Write out again, exactly, the lines below starting at the one with "#100=CARTESIAN_POINT('',(0.,1.5875,0.));" and ending at the one with "#149=DIRECTION('',(0.,0.,-1.));".

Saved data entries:
======

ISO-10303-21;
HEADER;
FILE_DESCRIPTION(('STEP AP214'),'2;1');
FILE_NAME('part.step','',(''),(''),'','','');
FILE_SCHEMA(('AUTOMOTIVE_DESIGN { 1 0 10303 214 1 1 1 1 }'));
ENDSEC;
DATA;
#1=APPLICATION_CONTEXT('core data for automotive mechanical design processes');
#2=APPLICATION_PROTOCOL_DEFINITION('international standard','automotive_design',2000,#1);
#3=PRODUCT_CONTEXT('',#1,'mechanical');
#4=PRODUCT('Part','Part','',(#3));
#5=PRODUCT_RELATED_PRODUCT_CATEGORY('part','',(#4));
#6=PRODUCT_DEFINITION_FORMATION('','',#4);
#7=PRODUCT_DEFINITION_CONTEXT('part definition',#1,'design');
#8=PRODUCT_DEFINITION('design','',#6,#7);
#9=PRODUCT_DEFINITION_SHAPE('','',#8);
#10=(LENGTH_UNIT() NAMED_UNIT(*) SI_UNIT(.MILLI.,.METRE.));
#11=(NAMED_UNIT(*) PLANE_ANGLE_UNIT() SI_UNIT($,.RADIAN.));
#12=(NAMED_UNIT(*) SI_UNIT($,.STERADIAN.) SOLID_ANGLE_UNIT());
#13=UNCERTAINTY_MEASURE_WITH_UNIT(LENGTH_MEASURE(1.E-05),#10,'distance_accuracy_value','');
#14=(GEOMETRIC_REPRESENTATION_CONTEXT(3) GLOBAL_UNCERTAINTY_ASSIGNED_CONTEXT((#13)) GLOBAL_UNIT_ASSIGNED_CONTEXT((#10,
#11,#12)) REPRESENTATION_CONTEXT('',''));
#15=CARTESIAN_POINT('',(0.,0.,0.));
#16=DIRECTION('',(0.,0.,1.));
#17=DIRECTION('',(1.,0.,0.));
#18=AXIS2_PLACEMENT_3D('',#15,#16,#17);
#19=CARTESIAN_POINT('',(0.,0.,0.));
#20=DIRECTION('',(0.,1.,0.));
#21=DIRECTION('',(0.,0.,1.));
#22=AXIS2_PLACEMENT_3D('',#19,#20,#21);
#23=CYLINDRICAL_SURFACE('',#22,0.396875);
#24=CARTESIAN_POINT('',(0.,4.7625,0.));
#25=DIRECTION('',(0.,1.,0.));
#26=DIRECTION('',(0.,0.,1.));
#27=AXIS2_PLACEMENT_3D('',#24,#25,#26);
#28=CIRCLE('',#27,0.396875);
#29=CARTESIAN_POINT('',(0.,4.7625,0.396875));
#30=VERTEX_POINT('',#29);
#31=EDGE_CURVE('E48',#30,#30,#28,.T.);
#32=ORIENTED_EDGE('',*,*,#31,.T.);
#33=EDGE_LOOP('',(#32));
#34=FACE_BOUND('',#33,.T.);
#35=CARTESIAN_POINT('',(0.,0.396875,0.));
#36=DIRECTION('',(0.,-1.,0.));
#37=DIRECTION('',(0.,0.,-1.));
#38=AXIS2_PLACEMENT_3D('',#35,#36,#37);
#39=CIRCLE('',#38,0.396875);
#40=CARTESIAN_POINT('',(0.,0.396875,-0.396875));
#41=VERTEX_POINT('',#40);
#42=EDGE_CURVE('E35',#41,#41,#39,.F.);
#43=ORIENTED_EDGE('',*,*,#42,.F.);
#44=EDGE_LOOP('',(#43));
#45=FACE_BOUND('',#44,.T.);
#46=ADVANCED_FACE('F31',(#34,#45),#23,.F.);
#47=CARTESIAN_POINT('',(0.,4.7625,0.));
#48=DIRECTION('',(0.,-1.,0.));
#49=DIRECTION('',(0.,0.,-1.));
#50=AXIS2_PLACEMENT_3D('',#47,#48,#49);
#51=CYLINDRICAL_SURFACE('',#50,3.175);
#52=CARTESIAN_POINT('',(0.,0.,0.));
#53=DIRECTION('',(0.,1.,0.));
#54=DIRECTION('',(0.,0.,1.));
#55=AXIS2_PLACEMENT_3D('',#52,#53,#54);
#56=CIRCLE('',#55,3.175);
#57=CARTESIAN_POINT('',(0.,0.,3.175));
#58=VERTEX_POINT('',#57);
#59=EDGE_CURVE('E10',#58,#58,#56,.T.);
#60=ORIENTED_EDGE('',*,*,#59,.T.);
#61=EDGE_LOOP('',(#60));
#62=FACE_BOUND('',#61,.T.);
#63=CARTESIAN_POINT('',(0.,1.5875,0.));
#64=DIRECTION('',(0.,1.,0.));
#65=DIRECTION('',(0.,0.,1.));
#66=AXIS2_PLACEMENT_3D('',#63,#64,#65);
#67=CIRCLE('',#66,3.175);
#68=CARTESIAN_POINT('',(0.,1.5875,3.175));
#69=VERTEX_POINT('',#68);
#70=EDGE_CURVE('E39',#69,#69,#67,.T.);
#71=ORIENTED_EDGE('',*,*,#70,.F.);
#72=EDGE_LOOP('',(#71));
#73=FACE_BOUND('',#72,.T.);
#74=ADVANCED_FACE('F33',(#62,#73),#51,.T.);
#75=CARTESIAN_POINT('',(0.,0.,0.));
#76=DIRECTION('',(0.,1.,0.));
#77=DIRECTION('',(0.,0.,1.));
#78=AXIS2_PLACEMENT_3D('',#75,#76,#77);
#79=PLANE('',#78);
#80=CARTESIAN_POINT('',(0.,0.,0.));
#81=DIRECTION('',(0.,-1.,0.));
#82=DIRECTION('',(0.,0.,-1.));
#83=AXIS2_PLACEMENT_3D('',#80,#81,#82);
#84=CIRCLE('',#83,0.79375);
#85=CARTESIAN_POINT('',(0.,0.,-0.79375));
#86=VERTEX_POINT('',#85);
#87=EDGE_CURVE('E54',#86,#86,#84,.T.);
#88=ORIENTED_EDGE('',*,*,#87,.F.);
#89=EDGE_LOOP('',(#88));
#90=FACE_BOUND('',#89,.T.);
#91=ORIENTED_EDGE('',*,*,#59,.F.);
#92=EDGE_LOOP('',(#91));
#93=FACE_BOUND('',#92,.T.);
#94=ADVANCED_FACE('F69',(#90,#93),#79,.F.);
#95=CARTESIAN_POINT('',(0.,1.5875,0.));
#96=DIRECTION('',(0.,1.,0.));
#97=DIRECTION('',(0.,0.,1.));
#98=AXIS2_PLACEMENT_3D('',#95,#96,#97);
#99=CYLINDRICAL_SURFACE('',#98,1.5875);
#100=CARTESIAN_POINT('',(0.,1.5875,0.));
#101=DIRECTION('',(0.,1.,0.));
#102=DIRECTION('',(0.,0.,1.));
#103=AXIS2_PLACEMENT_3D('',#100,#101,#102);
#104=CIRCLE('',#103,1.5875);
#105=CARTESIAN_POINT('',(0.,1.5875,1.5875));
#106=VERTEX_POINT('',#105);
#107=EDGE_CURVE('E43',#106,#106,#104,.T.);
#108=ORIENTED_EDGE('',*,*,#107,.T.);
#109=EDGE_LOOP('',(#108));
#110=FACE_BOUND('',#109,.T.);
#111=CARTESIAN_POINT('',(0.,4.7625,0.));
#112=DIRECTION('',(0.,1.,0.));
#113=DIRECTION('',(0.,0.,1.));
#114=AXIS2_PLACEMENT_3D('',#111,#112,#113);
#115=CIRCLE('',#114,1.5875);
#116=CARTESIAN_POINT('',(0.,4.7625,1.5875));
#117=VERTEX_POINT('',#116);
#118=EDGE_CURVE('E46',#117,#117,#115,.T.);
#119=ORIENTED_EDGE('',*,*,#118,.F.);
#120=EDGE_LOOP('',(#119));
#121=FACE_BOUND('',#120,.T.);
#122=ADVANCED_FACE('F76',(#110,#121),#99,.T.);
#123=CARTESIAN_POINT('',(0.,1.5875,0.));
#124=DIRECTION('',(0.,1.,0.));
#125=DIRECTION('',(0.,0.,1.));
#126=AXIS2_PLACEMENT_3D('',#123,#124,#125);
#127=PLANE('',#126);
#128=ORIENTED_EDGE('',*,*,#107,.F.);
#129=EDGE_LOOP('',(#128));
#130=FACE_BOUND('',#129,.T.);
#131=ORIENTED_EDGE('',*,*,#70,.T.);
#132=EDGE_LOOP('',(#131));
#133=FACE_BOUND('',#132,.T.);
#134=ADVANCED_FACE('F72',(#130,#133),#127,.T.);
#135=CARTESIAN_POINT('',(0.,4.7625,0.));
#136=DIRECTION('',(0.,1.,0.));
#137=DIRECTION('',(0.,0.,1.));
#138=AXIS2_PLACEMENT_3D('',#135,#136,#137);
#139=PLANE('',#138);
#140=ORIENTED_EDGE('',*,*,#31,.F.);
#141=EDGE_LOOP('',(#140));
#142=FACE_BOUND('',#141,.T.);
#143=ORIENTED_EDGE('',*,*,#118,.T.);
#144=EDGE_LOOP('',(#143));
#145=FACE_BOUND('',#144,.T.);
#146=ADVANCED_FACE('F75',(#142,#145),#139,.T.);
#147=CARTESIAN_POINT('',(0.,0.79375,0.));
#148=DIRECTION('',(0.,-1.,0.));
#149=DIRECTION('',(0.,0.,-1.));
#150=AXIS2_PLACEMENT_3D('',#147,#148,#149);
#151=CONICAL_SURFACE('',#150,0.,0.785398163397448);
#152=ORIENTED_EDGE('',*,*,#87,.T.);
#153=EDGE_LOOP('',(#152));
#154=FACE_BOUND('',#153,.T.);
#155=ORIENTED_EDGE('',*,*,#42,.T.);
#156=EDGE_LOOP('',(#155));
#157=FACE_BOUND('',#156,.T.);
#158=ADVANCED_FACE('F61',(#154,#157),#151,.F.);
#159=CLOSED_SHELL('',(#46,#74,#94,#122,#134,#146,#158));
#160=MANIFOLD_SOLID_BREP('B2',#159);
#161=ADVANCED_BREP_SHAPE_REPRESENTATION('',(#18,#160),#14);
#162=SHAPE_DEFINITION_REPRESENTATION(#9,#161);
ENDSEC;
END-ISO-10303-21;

======

## Exercise result
#100=CARTESIAN_POINT('',(0.,1.5875,0.));
#101=DIRECTION('',(0.,1.,0.));
#102=DIRECTION('',(0.,0.,1.));
#103=AXIS2_PLACEMENT_3D('',#100,#101,#102);
#104=CIRCLE('',#103,1.5875);
#105=CARTESIAN_POINT('',(0.,1.5875,1.5875));
#106=VERTEX_POINT('',#105);
#107=EDGE_CURVE('E43',#106,#106,#104,.T.);
#108=ORIENTED_EDGE('',*,*,#107,.T.);
#109=EDGE_LOOP('',(#108));
#110=FACE_BOUND('',#109,.T.);
#111=CARTESIAN_POINT('',(0.,4.7625,0.));
#112=DIRECTION('',(0.,1.,0.));
#113=DIRECTION('',(0.,0.,1.));
#114=AXIS2_PLACEMENT_3D('',#111,#112,#113);
#115=CIRCLE('',#114,1.5875);
#116=CARTESIAN_POINT('',(0.,4.7625,1.5875));
#117=VERTEX_POINT('',#116);
#118=EDGE_CURVE('E46',#117,#117,#115,.T.);
#119=ORIENTED_EDGE('',*,*,#118,.F.);
#120=EDGE_LOOP('',(#119));
#121=FACE_BOUND('',#120,.T.);
#122=ADVANCED_FACE('F76',(#110,#121),#99,.T.);
#123=CARTESIAN_POINT('',(0.,1.5875,0.));
#124=DIRECTION('',(0.,1.,0.));
#125=DIRECTION('',(0.,0.,1.));
#126=AXIS2_PLACEMENT_3D('',#123,#124,#125);
#127=PLANE('',#126);
#128=ORIENTED_EDGE('',*,*,#107,.F.);
#129=EDGE_LOOP('',(#128));
#130=FACE_BOUND('',#129,.T.);
#131=ORIENTED_EDGE('',*,*,#70,.T.);
#132=EDGE_LOOP('',(#131));
#133=FACE_BOUND('',#132,.T.);
#134=ADVANCED_FACE('F72',(#130,#133),#127,.T.);
#135=CARTESIAN_POINT('',(0.,4.7625,0.));
#136=DIRECTION('',(0.,1.,0.));
#137=DIRECTION('',(0.,0.,1.));
#138=AXIS2_PLACEMENT_3D('',#135,#136,#137);
#139=PLANE('',#138);
#140=ORIENTED_EDGE('',*,*,#31,.F.);
#141=EDGE_LOOP('',(#140));
#142=FACE_BOUND('',#141,.T.);
#143=ORIENTED_EDGE('',*,*,#118,.T.);
#144=EDGE_LOOP('',(#143));
#145=FACE_BOUND('',#144,.T.);
#146=ADVANCED_FACE('F75',(#142,#145),#139,.T.);
#147=CARTESIAN_POINT('',(0.,0.79375,0.));
#148=DIRECTION('',(0.,-1.,0.));
#149=DIRECTION('',(0.,0.,-1.));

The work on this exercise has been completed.